What this task involves | Among the records below, find the lines that hold the word "LampBlock" and report how many there are, with no other words.

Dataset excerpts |
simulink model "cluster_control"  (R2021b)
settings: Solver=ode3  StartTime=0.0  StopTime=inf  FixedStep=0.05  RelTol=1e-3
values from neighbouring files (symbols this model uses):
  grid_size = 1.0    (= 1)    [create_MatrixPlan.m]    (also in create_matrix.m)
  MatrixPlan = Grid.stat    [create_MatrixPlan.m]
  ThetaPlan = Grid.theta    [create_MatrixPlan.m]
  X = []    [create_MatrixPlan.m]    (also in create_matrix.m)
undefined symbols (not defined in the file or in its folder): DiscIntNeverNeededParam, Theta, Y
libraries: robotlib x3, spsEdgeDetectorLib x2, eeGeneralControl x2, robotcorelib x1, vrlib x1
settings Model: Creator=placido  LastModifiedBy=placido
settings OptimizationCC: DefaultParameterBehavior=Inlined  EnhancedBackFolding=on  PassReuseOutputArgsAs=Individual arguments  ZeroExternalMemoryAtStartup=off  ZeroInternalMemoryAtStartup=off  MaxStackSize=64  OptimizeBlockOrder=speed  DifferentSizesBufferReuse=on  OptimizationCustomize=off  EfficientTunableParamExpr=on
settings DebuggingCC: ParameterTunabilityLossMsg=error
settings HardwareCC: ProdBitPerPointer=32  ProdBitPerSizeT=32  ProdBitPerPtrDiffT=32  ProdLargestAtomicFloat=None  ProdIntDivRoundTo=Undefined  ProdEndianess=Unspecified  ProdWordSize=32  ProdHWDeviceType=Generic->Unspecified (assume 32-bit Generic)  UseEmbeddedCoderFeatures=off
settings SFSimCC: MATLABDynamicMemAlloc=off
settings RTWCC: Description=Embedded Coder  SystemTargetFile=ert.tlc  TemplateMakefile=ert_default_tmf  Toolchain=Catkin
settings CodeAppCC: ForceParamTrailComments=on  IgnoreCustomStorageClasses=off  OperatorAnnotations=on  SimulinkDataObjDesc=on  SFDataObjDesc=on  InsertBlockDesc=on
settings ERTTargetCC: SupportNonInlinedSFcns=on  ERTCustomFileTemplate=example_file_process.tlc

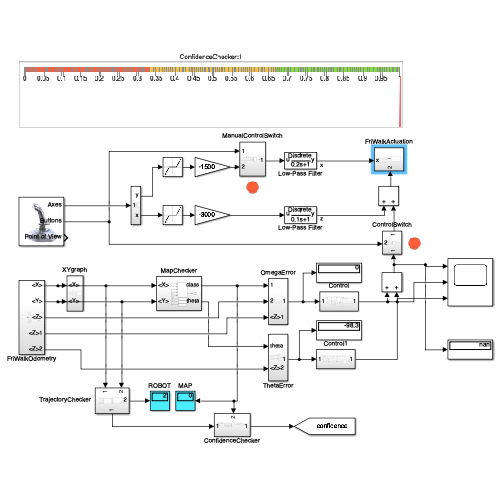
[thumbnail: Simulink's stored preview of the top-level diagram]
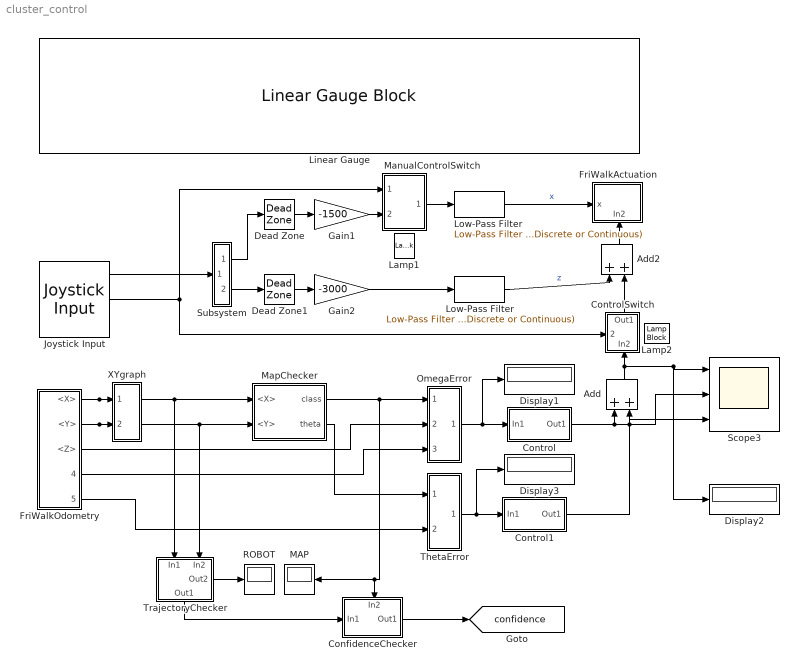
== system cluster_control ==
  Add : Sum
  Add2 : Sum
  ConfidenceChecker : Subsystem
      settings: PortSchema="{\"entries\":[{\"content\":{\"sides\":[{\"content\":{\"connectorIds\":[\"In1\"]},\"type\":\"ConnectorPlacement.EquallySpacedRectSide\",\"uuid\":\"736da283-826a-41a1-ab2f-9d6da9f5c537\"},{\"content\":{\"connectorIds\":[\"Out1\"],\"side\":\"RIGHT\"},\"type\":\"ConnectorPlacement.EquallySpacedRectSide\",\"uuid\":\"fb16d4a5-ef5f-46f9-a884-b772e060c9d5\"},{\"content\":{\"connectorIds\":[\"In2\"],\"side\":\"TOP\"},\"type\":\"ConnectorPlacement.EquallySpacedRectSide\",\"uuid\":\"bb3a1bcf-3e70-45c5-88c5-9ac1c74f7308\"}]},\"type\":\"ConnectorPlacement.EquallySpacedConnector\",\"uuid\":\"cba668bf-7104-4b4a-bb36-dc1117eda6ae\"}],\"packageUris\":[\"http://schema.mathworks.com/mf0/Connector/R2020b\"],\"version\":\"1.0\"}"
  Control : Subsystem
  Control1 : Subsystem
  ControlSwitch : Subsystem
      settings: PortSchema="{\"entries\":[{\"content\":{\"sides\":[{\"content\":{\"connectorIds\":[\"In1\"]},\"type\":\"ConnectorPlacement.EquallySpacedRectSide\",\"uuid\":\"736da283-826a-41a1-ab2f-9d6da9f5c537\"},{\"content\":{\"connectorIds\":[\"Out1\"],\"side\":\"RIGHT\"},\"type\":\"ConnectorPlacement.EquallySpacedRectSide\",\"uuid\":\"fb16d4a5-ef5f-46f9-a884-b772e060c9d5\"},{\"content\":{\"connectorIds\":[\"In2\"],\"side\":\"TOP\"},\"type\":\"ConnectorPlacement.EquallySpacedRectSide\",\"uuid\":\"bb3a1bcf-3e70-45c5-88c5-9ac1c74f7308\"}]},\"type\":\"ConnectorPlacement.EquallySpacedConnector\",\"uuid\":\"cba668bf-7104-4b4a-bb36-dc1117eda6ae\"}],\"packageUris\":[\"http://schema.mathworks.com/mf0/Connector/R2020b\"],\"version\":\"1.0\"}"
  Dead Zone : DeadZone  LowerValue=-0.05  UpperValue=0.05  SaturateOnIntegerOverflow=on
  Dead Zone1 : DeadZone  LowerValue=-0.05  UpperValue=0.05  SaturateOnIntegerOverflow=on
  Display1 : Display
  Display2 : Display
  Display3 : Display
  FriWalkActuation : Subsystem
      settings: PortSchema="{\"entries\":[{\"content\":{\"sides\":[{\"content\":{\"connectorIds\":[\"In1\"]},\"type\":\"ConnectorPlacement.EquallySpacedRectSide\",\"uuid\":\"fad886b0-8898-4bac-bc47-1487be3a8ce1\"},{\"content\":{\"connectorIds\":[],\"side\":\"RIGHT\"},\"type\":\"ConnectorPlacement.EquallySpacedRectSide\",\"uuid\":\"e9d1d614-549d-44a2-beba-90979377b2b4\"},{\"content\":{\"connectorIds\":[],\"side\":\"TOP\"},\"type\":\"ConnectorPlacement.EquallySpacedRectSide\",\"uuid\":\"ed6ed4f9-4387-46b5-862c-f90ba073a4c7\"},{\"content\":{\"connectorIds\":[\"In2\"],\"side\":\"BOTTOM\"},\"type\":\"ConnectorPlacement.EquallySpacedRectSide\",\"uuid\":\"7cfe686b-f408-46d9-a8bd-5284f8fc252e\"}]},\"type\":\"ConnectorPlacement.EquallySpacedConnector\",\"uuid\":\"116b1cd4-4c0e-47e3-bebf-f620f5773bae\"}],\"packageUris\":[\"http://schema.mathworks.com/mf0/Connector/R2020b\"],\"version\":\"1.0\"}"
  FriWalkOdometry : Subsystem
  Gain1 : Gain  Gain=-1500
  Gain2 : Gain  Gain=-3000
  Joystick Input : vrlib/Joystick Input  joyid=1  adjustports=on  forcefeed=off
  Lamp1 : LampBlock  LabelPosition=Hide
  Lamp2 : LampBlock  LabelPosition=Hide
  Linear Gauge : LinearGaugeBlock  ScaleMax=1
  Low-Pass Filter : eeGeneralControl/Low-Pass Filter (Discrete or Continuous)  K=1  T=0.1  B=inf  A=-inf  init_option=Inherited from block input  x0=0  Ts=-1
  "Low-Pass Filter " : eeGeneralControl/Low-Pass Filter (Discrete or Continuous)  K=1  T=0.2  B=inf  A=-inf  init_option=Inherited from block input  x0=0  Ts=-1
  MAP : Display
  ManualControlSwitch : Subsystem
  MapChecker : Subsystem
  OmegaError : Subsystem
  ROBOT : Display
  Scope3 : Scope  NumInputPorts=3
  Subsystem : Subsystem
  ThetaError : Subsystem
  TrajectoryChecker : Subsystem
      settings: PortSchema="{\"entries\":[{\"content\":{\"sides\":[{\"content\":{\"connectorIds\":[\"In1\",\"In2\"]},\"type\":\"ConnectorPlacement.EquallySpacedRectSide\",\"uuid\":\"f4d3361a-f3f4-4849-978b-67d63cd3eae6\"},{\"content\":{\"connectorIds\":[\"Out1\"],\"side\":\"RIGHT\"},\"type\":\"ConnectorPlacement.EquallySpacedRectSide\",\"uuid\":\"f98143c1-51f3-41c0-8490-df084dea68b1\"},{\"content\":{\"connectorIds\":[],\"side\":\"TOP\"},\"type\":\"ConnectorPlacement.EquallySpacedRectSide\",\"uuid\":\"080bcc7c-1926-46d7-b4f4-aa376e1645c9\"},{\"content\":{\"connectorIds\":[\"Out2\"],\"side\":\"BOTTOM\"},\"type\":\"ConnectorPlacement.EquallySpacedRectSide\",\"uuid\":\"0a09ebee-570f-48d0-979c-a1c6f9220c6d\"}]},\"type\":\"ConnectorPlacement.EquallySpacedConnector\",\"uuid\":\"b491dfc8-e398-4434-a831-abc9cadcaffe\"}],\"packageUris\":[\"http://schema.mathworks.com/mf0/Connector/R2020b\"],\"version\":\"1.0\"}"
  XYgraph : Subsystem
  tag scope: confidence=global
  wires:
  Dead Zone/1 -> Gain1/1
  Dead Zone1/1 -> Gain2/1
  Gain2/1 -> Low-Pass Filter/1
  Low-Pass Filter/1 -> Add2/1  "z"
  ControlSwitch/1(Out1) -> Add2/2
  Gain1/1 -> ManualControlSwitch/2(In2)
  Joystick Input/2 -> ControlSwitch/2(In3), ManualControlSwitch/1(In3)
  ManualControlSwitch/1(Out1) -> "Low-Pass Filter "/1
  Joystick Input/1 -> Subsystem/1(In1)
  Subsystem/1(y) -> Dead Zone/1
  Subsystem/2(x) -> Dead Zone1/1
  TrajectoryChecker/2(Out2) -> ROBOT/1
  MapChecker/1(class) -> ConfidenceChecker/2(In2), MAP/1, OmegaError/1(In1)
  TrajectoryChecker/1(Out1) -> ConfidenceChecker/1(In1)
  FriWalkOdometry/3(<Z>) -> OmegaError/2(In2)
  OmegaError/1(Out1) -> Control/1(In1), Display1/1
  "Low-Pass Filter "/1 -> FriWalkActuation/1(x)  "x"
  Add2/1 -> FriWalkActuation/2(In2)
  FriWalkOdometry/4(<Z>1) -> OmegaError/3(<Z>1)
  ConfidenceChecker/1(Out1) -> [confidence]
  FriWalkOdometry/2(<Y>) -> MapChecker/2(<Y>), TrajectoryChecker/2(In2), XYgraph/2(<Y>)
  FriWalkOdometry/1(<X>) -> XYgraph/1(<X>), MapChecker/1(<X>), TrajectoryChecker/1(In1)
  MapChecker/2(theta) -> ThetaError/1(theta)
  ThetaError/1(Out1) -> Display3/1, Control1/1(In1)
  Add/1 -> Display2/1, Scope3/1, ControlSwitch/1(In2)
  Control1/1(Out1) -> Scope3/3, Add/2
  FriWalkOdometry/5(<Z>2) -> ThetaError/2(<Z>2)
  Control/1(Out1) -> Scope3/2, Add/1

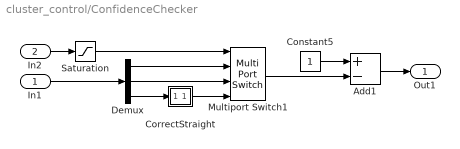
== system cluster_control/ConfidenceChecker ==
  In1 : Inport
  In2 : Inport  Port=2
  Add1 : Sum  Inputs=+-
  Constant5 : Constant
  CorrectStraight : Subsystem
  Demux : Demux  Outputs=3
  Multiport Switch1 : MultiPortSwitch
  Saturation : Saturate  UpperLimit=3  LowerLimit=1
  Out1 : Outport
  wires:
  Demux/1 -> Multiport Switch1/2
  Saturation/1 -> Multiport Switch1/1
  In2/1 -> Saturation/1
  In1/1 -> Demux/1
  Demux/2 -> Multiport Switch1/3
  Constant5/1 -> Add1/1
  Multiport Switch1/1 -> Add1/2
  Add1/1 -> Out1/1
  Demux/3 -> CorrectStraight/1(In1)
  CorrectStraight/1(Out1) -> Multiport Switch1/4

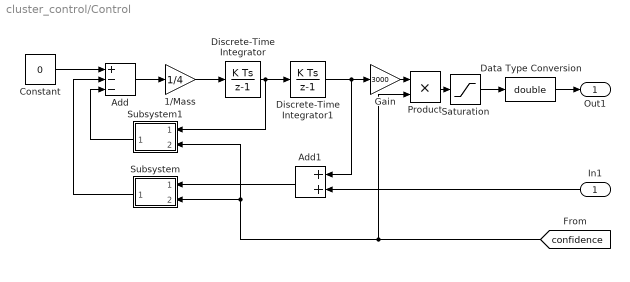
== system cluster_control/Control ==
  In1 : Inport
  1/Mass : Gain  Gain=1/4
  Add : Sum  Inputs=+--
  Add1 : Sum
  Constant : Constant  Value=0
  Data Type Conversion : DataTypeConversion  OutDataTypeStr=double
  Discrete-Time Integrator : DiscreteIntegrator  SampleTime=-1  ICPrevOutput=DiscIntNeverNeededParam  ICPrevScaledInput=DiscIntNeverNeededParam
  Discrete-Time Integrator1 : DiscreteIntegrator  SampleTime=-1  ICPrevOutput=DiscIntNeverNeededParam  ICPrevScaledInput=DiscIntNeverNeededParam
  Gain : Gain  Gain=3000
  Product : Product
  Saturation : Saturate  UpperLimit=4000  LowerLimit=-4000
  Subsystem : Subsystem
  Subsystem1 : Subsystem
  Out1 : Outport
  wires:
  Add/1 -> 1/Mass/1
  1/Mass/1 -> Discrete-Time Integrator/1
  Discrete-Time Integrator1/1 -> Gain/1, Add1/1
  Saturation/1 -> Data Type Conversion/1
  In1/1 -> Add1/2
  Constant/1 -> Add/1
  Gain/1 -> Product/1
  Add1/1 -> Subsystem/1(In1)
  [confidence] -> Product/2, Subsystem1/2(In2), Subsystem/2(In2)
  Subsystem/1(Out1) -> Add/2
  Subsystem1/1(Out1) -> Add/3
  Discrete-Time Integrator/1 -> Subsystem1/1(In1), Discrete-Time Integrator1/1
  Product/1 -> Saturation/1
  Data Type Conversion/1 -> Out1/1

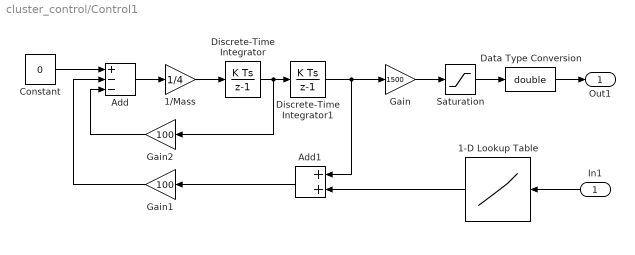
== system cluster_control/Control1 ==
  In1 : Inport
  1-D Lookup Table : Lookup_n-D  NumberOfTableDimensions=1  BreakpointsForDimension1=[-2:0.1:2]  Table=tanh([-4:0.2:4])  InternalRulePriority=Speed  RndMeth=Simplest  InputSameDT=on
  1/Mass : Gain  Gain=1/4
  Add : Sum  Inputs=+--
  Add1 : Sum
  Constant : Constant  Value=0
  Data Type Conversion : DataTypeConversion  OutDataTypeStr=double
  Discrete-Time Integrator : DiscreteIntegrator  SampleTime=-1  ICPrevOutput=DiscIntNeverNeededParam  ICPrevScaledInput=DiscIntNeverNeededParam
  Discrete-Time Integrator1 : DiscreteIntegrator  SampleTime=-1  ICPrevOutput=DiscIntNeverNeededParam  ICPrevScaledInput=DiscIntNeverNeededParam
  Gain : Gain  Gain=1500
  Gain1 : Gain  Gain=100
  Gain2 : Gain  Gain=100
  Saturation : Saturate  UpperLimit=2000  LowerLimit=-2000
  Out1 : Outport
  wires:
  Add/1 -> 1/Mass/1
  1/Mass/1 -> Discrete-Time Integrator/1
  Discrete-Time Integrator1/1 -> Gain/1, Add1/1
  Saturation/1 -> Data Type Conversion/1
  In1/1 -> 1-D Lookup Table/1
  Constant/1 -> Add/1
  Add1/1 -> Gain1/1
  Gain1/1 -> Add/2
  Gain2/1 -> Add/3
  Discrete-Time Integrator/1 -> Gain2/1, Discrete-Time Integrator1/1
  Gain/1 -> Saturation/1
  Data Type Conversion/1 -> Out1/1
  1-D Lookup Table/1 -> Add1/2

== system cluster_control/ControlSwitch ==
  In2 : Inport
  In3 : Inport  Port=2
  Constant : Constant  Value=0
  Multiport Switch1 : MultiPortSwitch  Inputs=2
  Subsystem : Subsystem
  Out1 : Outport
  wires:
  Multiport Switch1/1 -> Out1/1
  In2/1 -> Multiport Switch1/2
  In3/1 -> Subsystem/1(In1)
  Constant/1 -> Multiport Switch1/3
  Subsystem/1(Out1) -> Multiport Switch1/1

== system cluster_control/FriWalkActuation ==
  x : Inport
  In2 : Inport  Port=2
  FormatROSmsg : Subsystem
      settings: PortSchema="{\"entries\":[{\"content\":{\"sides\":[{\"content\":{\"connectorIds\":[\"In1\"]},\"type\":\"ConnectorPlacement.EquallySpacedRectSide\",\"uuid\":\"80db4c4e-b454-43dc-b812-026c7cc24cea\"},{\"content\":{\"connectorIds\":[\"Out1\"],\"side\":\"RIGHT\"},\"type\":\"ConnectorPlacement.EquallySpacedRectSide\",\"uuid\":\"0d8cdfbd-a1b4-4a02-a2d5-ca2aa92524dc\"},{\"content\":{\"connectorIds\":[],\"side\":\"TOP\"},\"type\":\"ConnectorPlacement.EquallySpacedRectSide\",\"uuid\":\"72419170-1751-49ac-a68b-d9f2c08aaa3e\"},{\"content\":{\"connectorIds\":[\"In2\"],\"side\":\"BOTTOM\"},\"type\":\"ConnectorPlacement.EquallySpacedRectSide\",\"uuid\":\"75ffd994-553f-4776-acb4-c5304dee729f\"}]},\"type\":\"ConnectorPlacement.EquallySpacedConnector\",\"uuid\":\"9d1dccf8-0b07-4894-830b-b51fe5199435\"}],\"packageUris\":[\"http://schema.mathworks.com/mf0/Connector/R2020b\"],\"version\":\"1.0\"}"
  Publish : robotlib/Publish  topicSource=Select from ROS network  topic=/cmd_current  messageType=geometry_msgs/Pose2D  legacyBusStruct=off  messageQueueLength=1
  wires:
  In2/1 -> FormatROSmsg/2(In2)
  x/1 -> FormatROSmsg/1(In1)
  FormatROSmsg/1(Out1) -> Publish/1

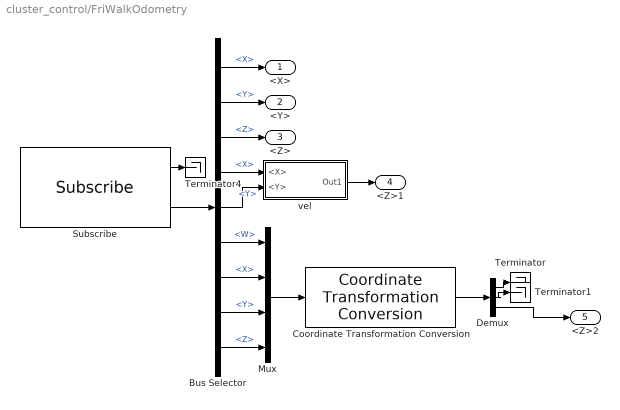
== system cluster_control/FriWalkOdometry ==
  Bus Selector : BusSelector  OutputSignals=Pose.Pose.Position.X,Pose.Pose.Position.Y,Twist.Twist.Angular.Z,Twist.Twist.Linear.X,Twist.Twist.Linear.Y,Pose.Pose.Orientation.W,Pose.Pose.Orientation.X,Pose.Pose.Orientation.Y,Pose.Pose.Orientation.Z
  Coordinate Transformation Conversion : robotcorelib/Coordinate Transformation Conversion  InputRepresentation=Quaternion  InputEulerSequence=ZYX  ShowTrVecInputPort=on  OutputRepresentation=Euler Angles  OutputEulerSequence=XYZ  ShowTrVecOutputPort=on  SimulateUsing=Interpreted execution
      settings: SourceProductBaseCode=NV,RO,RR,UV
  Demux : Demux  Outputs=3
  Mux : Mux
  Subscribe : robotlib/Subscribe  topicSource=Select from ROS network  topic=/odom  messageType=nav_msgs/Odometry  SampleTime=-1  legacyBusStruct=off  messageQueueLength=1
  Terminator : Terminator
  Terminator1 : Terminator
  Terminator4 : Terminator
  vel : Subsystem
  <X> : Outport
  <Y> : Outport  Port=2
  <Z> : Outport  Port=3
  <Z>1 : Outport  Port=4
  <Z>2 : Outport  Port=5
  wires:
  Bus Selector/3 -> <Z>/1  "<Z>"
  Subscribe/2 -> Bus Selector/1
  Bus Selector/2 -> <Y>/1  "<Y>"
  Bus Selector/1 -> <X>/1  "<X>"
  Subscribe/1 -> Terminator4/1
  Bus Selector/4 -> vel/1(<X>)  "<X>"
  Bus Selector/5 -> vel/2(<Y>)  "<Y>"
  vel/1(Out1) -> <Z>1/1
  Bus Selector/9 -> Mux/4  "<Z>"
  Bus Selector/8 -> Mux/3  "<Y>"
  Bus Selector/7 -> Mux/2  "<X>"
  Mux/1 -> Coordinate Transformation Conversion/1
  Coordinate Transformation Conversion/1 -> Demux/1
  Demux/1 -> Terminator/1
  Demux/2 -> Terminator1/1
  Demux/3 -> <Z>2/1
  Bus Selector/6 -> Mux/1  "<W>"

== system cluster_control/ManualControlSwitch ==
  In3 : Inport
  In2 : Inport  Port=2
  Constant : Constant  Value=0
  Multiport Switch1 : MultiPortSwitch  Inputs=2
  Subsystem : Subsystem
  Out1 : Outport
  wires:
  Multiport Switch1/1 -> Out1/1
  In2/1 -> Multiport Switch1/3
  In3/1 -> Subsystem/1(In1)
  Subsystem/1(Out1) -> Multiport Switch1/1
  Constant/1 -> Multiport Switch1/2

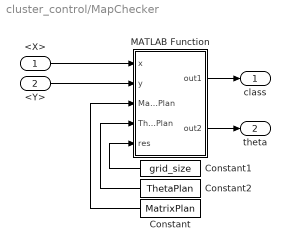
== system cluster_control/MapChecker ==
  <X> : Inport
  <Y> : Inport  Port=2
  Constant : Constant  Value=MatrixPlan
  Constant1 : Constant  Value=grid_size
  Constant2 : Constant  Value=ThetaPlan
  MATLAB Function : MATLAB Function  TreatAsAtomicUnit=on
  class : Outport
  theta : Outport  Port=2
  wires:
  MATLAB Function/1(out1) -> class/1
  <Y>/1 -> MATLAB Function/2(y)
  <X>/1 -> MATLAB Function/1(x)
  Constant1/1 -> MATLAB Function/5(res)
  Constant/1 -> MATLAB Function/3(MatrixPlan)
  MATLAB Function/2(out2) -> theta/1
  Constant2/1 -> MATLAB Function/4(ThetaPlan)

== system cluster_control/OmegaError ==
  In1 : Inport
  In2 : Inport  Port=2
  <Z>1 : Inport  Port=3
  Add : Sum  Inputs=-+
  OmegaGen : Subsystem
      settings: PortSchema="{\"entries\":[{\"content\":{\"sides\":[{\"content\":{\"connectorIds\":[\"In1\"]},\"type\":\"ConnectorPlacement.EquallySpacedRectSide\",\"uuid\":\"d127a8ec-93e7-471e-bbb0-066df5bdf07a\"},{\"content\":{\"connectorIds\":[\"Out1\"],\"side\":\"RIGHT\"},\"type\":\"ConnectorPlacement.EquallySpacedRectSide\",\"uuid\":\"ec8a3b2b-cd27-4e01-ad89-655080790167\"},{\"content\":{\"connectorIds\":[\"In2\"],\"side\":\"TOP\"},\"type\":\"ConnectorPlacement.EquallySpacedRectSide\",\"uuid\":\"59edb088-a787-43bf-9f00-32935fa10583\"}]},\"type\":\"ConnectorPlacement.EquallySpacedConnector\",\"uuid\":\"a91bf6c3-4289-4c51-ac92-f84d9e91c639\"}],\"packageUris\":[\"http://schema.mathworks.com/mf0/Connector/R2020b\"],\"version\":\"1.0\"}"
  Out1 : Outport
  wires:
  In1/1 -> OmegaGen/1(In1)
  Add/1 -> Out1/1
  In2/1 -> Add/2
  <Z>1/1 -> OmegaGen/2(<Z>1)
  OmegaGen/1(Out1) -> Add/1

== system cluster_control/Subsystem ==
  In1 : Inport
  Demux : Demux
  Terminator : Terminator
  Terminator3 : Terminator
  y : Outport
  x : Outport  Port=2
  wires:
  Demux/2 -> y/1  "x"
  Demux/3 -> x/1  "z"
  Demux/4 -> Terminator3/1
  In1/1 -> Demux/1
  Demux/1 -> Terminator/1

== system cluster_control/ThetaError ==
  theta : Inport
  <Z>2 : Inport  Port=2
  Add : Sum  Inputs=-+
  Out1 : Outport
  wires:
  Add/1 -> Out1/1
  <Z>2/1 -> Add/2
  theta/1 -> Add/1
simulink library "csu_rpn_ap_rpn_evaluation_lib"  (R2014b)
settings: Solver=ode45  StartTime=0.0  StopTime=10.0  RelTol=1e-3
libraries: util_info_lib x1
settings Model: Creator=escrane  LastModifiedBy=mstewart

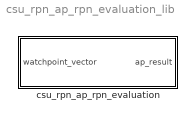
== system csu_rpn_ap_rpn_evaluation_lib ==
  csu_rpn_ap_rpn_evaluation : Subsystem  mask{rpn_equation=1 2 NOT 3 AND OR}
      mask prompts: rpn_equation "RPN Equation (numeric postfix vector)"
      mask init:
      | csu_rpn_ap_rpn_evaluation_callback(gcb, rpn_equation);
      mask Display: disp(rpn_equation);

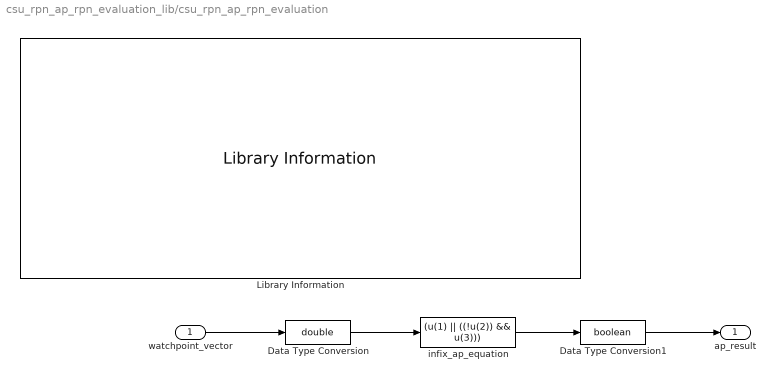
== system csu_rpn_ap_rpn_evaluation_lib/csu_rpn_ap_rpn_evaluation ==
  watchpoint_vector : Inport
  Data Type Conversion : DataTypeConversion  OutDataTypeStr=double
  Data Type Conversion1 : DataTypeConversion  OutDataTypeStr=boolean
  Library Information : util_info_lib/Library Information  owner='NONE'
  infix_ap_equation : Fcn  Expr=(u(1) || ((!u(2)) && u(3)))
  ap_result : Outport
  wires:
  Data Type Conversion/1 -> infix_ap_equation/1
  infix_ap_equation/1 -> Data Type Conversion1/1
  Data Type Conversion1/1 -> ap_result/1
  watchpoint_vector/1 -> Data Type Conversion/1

Solved problem | 2